VCU has lost two postseason runs to COVID. 541,935 Americans have lost their lives to COVID. Countless more are dealing with physical, economic or mental impacts as a result of COVID and its effects. At the end of the day, it is awful for VCU, but it is generally small in comparison to what others have dealt with in the last year.

Spare a thought for the players and others with the program who have tested positive. Spare a thought for Roger Ayers, an A10 official who tested positive for COVID, as he recovers from a serious bout with the virus. Consider those who have been deeply impacted by the virus in the last year.

And express gratitude to the players, coaches and administrators at VCU, who gave us 26 games against all odds and gave us a temporary distraction from the difficult times of the last year.
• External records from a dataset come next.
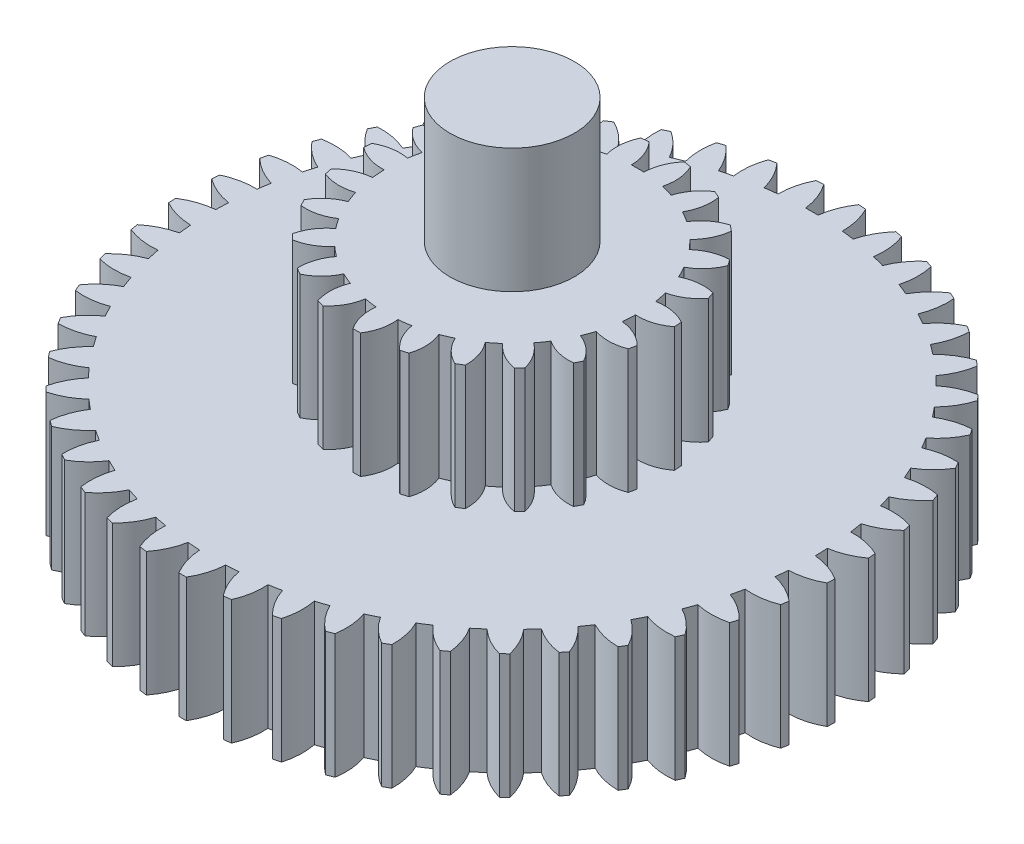
from build123d import *

# Parameters (mm, degrees)
BOSS_EXTRUDE1_DEPTH      = 1
SKETCH2_R                = 0.5
BOSS_EXTRUDE2_DEPTH      = 2
BOSS_EXTRUDE2_DEPTH_BACK = 2
BOSS_EXTRUDE3_DEPTH      = 1


with BuildPart() as part:
    # Sketch1 → Boss-Extrude1 (new body)
    with BuildSketch(Plane(origin=(0, 0, 0), x_dir=(1, 0, 0), z_dir=(0, 1, 0))):
        with BuildLine():
            ThreePointArc((-2.476479155, 0.943160111), (-2.486941318, 0.915217394), (-2.497088209, 0.887158654))
            ThreePointArc((-2.497088209, 0.887158654), (-2.405681699, 0.798131231), (-2.295665859, 0.733497284))
            ThreePointArc((-2.295665859, 0.733497284), (-2.310389526, 0.685711484), (-2.324118617, 0.637630499))
            ThreePointArc((-2.324118617, 0.637630499), (-2.451581658, 0.643479038), (-2.576755933, 0.618731655))
            ThreePointArc((-2.576755933, 0.618731655), (-2.583558967, 0.589680475), (-2.59003448, 0.560554541))
            ThreePointArc((-2.59003448, 0.560554541), (-2.487993842, 0.483946837), (-2.370616024, 0.433912047))
            ThreePointArc((-2.370616024, 0.433912047), (-2.379108098, 0.384635747), (-2.386576014, 0.335193869))
            ThreePointArc((-2.386576014, 0.335193869), (-2.513740479, 0.324694779), (-2.63472245, 0.284143641))
            ThreePointArc((-2.63472245, 0.284143641), (-2.637754649, 0.254461019), (-2.640452456, 0.224746138))
            ThreePointArc((-2.640452456, 0.224746138), (-2.529453195, 0.161816049), (-2.406640741, 0.127201987))
            ThreePointArc((-2.406640741, 0.127201987), (-2.408761781, 0.077244302), (-2.409845898, 0.027253365))
            ThreePointArc((-2.409845898, 0.027253365), (-2.534623752, 0.000579042), (-2.649426898, -0.055110003))
            ThreePointArc((-2.649426898, -0.055110003), (-2.648638473, -0.084936681), (-2.647514276, -0.114752591))
            ThreePointArc((-2.647514276, -0.114752591), (-2.529378996, -0.162971754), (-2.403148482, -0.181596727))
            ThreePointArc((-2.403148482, -0.181596727), (-2.398863662, -0.231415492), (-2.39354618, -0.281134638))
            ThreePointArc((-2.39354618, -0.281134638), (-2.513888572, -0.323546203), (-2.620627829, -0.393458742))
            ThreePointArc((-2.620627829, -0.393458742), (-2.616031726, -0.422939722), (-2.611103985, -0.452367085))
            ThreePointArc((-2.611103985, -0.452367085), (-2.487772464, -0.485083565), (-2.360196593, -0.487413627))
            ThreePointArc((-2.360196593, -0.487413627), (-2.349576268, -0.536275451), (-2.337944499, -0.584906419))
            ThreePointArc((-2.337944499, -0.584906419), (-2.451875411, -0.642358829), (-2.548798124, -0.7253469))
            ThreePointArc((-2.548798124, -0.7253469), (-2.540469811, -0.753998105), (-2.531819439, -0.782553724))
            ThreePointArc((-2.531819439, -0.782553724), (-2.405316777, -0.799230317), (-2.27849034, -0.78522721))
            ThreePointArc((-2.27849034, -0.78522721), (-2.261708897, -0.832329781), (-2.243953835, -0.879074052))
            ThreePointArc((-2.243953835, -0.879074052), (-2.349602524, -0.95062394), (-2.435117223, -1.045324882))
            ThreePointArc((-2.435117223, -1.045324882), (-2.423193451, -1.072675859), (-2.410962487, -1.099890852))
            ThreePointArc((-2.410962487, -1.099890852), (-2.283365855, -1.100253729), (-2.159371339, -1.070147383))
            ThreePointArc((-2.159371339, -1.070147383), (-2.136704328, -1.114717279), (-2.11311751, -1.158807313))
            ThreePointArc((-2.11311751, -1.158807313), (-2.208749229, -1.243279832), (-2.281451766, -1.348138658))
            ThreePointArc((-2.281451766, -1.348138658), (-2.266128322, -1.373740306), (-2.250517598, -1.399167803))
            ThreePointArc((-2.250517598, -1.399167803), (-2.123922129, -1.383211006), (-2.00479552, -1.337495765))
            ThreePointArc((-2.00479552, -1.337495765), (-1.976615134, -1.378801151), (-1.947583854, -1.419512991))
            ThreePointArc((-1.947583854, -1.419512991), (-2.031628332, -1.515521104), (-2.090324933, -1.628816034))
            ThreePointArc((-2.090324933, -1.628816034), (-2.071853429, -1.652247975), (-2.053119272, -1.675470458))
            ThreePointArc((-2.053119272, -1.675470458), (-1.92960366, -1.643455996), (-1.817301015, -1.582882504))
            ThreePointArc((-1.817301015, -1.582882504), (-1.784069973, -1.620245146), (-1.750070925, -1.656910304))
            ThreePointArc((-1.750070925, -1.656910304), (-1.821148154, -1.762877562), (-1.864875023, -1.882748297))
            ThreePointArc((-1.864875023, -1.882748297), (-1.843558759, -1.903625778), (-1.822008785, -1.924261933))
            ThreePointArc((-1.822008785, -1.924261933), (-1.703601153, -1.876715485), (-1.599966476, -1.802278357))
            ThreePointArc((-1.599966476, -1.802278357), (-1.562230433, -1.83508476), (-1.523821881, -1.867101196))
            ThreePointArc((-1.523821881, -1.867101196), (-1.580764774, -1.981287618), (-1.608803916, -2.105765884))
            ThreePointArc((-1.608803916, -2.105765884), (-1.584992906, -2.123746098), (-1.560980963, -2.141457081))
            ThreePointArc((-1.560980963, -2.141457081), (-1.449625561, -2.079159357), (-1.356360533, -1.992080848))
            ThreePointArc((-1.356360533, -1.992080848), (-1.314739112, -2.019792333), (-1.272551722, -2.046634338))
            ThreePointArc((-1.272551722, -2.046634338), (-1.31442528, -2.167164987), (-1.326316294, -2.294206854))
            ThreePointArc((-1.326316294, -2.294206854), (-1.300401513, -2.308994566), (-1.274321878, -2.323489563))
            ThreePointArc((-1.274321878, -2.323489563), (-1.171847158, -2.247463489), (-1.090483187, -2.149173427))
            ThreePointArc((-1.090483187, -2.149173427), (-1.045659811, -2.171334972), (-1.0003863, -2.192561801))
            ThreePointArc((-1.0003863, -2.192561801), (-1.026502959, -2.317457566), (-1.022050595, -2.44497701))
            ThreePointArc((-1.022050595, -2.44497701), (-0.994457563, -2.456329407), (-0.966738462, -2.467370411))
            ThreePointArc((-0.966738462, -2.467370411), (-0.874827057, -2.378864334), (-0.806700137, -2.270976638))
            ThreePointArc((-0.806700137, -2.270976638), (-0.759410805, -2.28722435), (-0.711794563, -2.302487459))
            ThreePointArc((-0.711794563, -2.302487459), (-0.721725488, -2.429697557), (-0.701002853, -2.555600712))
            ThreePointArc((-0.701002853, -2.555600712), (-0.672184647, -2.563331387), (-0.643281228, -2.570737105))
            ThreePointArc((-0.643281228, -2.570737105), (-0.56344232, -2.471204291), (-0.509671094, -2.355490475))
            ThreePointArc((-0.509671094, -2.355490475), (-0.460692295, -2.365557568), (-0.411515178, -2.374606338))
            ThreePointArc((-0.411515178, -2.374606338), (-0.405097304, -2.50204198), (-0.368444664, -2.624261521))
            ThreePointArc((-0.368444664, -2.624261521), (-0.338874478, -2.628243537), (-0.309261333, -2.631892366))
            ThreePointArc((-0.309261333, -2.631892366), (-0.242805876, -2.522967143), (-0.204273265, -2.401327223))
            ThreePointArc((-0.204273265, -2.401327223), (-0.15440923, -2.405048397), (-0.104478725, -2.407734245))
            ThreePointArc((-0.104478725, -2.407734245), (-0.081817434, -2.533302944), (-0.029836623, -2.649832028))
            ThreePointArc((-0.029836623, -2.649832028), (0, -2.65), (0.029836623, -2.649832028))
            ThreePointArc((0.029836623, -2.649832028), (0.081817434, -2.533302944), (0.104478725, -2.407734245))
            ThreePointArc((0.104478725, -2.407734245), (0.15440923, -2.405048397), (0.204273265, -2.401327223))
            ThreePointArc((0.204273265, -2.401327223), (0.242805876, -2.522967143), (0.309261333, -2.631892366))
            ThreePointArc((0.309261333, -2.631892366), (0.338874478, -2.628243537), (0.368444664, -2.624261521))
            ThreePointArc((0.368444664, -2.624261521), (0.405097304, -2.50204198), (0.411515178, -2.374606338))
            ThreePointArc((0.411515178, -2.374606338), (0.460692295, -2.365557568), (0.509671094, -2.355490475))
            ThreePointArc((0.509671094, -2.355490475), (0.56344232, -2.471204291), (0.643281228, -2.570737105))
            ThreePointArc((0.643281228, -2.570737105), (0.672184647, -2.563331387), (0.701002853, -2.555600712))
            ThreePointArc((0.701002853, -2.555600712), (0.721725488, -2.429697557), (0.711794563, -2.302487459))
            ThreePointArc((0.711794563, -2.302487459), (0.759410805, -2.28722435), (0.806700137, -2.270976638))
            ThreePointArc((0.806700137, -2.270976638), (0.874827057, -2.378864334), (0.966738462, -2.467370411))
            ThreePointArc((0.966738462, -2.467370411), (0.994457563, -2.456329407), (1.022050595, -2.44497701))
            ThreePointArc((1.022050595, -2.44497701), (1.026502959, -2.317457566), (1.0003863, -2.192561801))
            ThreePointArc((1.0003863, -2.192561801), (1.045659811, -2.171334972), (1.090483187, -2.149173427))
            ThreePointArc((1.090483187, -2.149173427), (1.171847158, -2.247463489), (1.274321878, -2.323489563))
            ThreePointArc((1.274321878, -2.323489563), (1.300401513, -2.308994566), (1.326316294, -2.294206854))
            ThreePointArc((1.326316294, -2.294206854), (1.31442528, -2.167164987), (1.272551722, -2.046634338))
            ThreePointArc((1.272551722, -2.046634338), (1.314739112, -2.019792333), (1.356360533, -1.992080848))
            ThreePointArc((1.356360533, -1.992080848), (1.449625561, -2.079159357), (1.560980963, -2.141457081))
            ThreePointArc((1.560980963, -2.141457081), (1.584992906, -2.123746098), (1.608803916, -2.105765884))
            ThreePointArc((1.608803916, -2.105765884), (1.580764774, -1.981287618), (1.523821881, -1.867101196))
            ThreePointArc((1.523821881, -1.867101196), (1.562230433, -1.83508476), (1.599966476, -1.802278357))
            ThreePointArc((1.599966476, -1.802278357), (1.703601153, -1.876715485), (1.822008785, -1.924261933))
            ThreePointArc((1.822008785, -1.924261933), (1.843558759, -1.903625778), (1.864875023, -1.882748297))
            ThreePointArc((1.864875023, -1.882748297), (1.821148154, -1.762877562), (1.750070925, -1.656910304))
            ThreePointArc((1.750070925, -1.656910304), (1.784069973, -1.620245146), (1.817301015, -1.582882504))
            ThreePointArc((1.817301015, -1.582882504), (1.92960366, -1.643455996), (2.053119272, -1.675470458))
            ThreePointArc((2.053119272, -1.675470458), (2.071853429, -1.652247975), (2.090324933, -1.628816034))
            ThreePointArc((2.090324933, -1.628816034), (2.031628332, -1.515521104), (1.947583854, -1.419512991))
            ThreePointArc((1.947583854, -1.419512991), (1.976615134, -1.378801151), (2.00479552, -1.337495765))
            ThreePointArc((2.00479552, -1.337495765), (2.123922129, -1.383211006), (2.250517598, -1.399167803))
            ThreePointArc((2.250517598, -1.399167803), (2.266128322, -1.373740306), (2.281451766, -1.348138658))
            ThreePointArc((2.281451766, -1.348138658), (2.208749229, -1.243279832), (2.11311751, -1.158807313))
            ThreePointArc((2.11311751, -1.158807313), (2.136704328, -1.114717279), (2.159371339, -1.070147383))
            ThreePointArc((2.159371339, -1.070147383), (2.283365855, -1.100253729), (2.410962487, -1.099890852))
            ThreePointArc((2.410962487, -1.099890852), (2.423193451, -1.072675859), (2.435117223, -1.045324882))
            ThreePointArc((2.435117223, -1.045324882), (2.349602524, -0.95062394), (2.243953835, -0.879074052))
            ThreePointArc((2.243953835, -0.879074052), (2.261708897, -0.832329781), (2.27849034, -0.78522721))
            ThreePointArc((2.27849034, -0.78522721), (2.405316777, -0.799230317), (2.531819439, -0.782553724))
            ThreePointArc((2.531819439, -0.782553724), (2.540469811, -0.753998105), (2.548798124, -0.7253469))
            ThreePointArc((2.548798124, -0.7253469), (2.451875411, -0.642358829), (2.337944499, -0.584906419))
            ThreePointArc((2.337944499, -0.584906419), (2.349576268, -0.536275451), (2.360196593, -0.487413627))
            ThreePointArc((2.360196593, -0.487413627), (2.487772464, -0.485083565), (2.611103985, -0.452367085))
            ThreePointArc((2.611103985, -0.452367085), (2.616031726, -0.422939722), (2.620627829, -0.393458742))
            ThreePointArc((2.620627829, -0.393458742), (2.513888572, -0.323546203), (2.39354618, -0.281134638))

Every morning when I get to my desk at work, I open up the Washington Post on my computer. I mouse over to the COVID vaccine chart, which shows how many Americans have been vaccinated against COVID-19. As of March 21, over 80 million people have received one dose of the vaccine. Each dose, pushing the COVID pandemic closer and closer to the rear view mirror.

I think about packed arenas and maskless press boxes. Those days may be here before we know it.

May we never have a college basketball season as difficult as this one.

And may VCU never see a season end due to COVID again.